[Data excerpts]

--------------------------------------------------

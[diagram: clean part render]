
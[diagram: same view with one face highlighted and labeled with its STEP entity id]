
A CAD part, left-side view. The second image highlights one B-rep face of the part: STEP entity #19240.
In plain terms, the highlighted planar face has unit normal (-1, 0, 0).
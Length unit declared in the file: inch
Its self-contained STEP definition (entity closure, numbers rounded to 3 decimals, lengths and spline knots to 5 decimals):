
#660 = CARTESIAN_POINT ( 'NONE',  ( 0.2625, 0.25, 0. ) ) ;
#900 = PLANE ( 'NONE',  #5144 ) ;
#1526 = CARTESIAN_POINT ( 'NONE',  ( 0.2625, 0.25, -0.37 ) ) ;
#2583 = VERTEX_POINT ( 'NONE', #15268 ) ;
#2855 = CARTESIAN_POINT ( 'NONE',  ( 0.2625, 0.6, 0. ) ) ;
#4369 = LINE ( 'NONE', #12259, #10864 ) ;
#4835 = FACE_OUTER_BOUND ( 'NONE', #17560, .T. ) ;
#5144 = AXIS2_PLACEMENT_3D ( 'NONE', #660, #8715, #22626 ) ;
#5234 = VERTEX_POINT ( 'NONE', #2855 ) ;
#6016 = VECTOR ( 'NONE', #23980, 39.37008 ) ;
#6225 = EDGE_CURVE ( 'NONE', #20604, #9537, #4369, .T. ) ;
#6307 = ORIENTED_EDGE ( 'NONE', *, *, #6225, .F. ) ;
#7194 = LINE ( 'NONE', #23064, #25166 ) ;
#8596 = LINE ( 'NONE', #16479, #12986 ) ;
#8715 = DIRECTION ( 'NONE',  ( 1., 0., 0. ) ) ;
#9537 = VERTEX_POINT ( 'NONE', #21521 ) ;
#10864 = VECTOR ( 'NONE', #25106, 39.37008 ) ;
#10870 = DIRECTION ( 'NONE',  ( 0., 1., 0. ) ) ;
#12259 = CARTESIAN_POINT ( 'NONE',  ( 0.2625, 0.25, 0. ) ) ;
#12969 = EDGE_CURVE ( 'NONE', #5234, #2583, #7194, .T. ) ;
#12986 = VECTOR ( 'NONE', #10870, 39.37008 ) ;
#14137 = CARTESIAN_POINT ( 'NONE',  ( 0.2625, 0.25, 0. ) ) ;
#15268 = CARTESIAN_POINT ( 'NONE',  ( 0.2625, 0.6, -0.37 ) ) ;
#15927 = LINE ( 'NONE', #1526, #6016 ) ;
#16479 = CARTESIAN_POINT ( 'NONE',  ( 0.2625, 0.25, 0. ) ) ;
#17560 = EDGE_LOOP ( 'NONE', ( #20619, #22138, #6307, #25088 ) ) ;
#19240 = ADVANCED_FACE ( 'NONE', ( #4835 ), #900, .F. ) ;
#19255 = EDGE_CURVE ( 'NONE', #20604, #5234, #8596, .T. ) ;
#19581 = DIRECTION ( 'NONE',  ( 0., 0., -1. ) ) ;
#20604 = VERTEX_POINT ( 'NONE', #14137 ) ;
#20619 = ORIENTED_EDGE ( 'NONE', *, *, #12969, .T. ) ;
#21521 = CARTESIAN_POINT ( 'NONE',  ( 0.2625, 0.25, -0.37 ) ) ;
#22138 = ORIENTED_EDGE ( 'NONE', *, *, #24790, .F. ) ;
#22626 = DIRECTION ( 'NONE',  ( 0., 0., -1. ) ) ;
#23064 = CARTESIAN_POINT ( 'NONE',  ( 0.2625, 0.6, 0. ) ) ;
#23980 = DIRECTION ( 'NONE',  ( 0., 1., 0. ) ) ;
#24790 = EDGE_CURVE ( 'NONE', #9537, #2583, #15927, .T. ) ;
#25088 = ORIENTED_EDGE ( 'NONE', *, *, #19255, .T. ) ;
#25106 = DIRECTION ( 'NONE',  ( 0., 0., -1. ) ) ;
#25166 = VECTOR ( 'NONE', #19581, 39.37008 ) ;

--------------------------------------------------

*Problem details:*
Transcribe the data above completely and exactly.

*Output of the exercise:*
[diagram: clean part render]
[diagram: same view with one face highlighted and labeled with its STEP entity id]
A CAD part, left-side view. The second image highlights one B-rep face of the part: STEP entity #19240.
In plain terms, the highlighted planar face has unit normal (-1, 0, 0).
Length unit declared in the file: inch
Its self-contained STEP definition (entity closure, numbers rounded to 3 decimals, lengths and spline knots to 5 decimals):
#660 = CARTESIAN_POINT ( 'NONE',  ( 0.2625, 0.25, 0. ) ) ;
#900 = PLANE ( 'NONE',  #5144 ) ;
#1526 = CARTESIAN_POINT ( 'NONE',  ( 0.2625, 0.25, -0.37 ) ) ;
#2583 = VERTEX_POINT ( 'NONE', #15268 ) ;
#2855 = CARTESIAN_POINT ( 'NONE',  ( 0.2625, 0.6, 0. ) ) ;
#4369 = LINE ( 'NONE', #12259, #10864 ) ;
#4835 = FACE_OUTER_BOUND ( 'NONE', #17560, .T. ) ;
#5144 = AXIS2_PLACEMENT_3D ( 'NONE', #660, #8715, #22626 ) ;
#5234 = VERTEX_POINT ( 'NONE', #2855 ) ;
#6016 = VECTOR ( 'NONE', #23980, 39.37008 ) ;
#6225 = EDGE_CURVE ( 'NONE', #20604, #9537, #4369, .T. ) ;
#6307 = ORIENTED_EDGE ( 'NONE', *, *, #6225, .F. ) ;
#7194 = LINE ( 'NONE', #23064, #25166 ) ;
#8596 = LINE ( 'NONE', #16479, #12986 ) ;
#8715 = DIRECTION ( 'NONE',  ( 1., 0., 0. ) ) ;
#9537 = VERTEX_POINT ( 'NONE', #21521 ) ;
#10864 = VECTOR ( 'NONE', #25106, 39.37008 ) ;
#10870 = DIRECTION ( 'NONE',  ( 0., 1., 0. ) ) ;
#12259 = CARTESIAN_POINT ( 'NONE',  ( 0.2625, 0.25, 0. ) ) ;
#12969 = EDGE_CURVE ( 'NONE', #5234, #2583, #7194, .T. ) ;
#12986 = VECTOR ( 'NONE', #10870, 39.37008 ) ;
#14137 = CARTESIAN_POINT ( 'NONE',  ( 0.2625, 0.25, 0. ) ) ;
#15268 = CARTESIAN_POINT ( 'NONE',  ( 0.2625, 0.6, -0.37 ) ) ;
#15927 = LINE ( 'NONE', #1526, #6016 ) ;
#16479 = CARTESIAN_POINT ( 'NONE',  ( 0.2625, 0.25, 0. ) ) ;
#17560 = EDGE_LOOP ( 'NONE', ( #20619, #22138, #6307, #25088 ) ) ;
#19240 = ADVANCED_FACE ( 'NONE', ( #4835 ), #900, .F. ) ;
#19255 = EDGE_CURVE ( 'NONE', #20604, #5234, #8596, .T. ) ;
#19581 = DIRECTION ( 'NONE',  ( 0., 0., -1. ) ) ;
#20604 = VERTEX_POINT ( 'NONE', #14137 ) ;
#20619 = ORIENTED_EDGE ( 'NONE', *, *, #12969, .T. ) ;
#21521 = CARTESIAN_POINT ( 'NONE',  ( 0.2625, 0.25, -0.37 ) ) ;
#22138 = ORIENTED_EDGE ( 'NONE', *, *, #24790, .F. ) ;
#22626 = DIRECTION ( 'NONE',  ( 0., 0., -1. ) ) ;
#23064 = CARTESIAN_POINT ( 'NONE',  ( 0.2625, 0.6, 0. ) ) ;
#23980 = DIRECTION ( 'NONE',  ( 0., 1., 0. ) ) ;
#24790 = EDGE_CURVE ( 'NONE', #9537, #2583, #15927, .T. ) ;
#25088 = ORIENTED_EDGE ( 'NONE', *, *, #19255, .T. ) ;
#25106 = DIRECTION ( 'NONE',  ( 0., 0., -1. ) ) ;
#25166 = VECTOR ( 'NONE', #19581, 39.37008 ) ;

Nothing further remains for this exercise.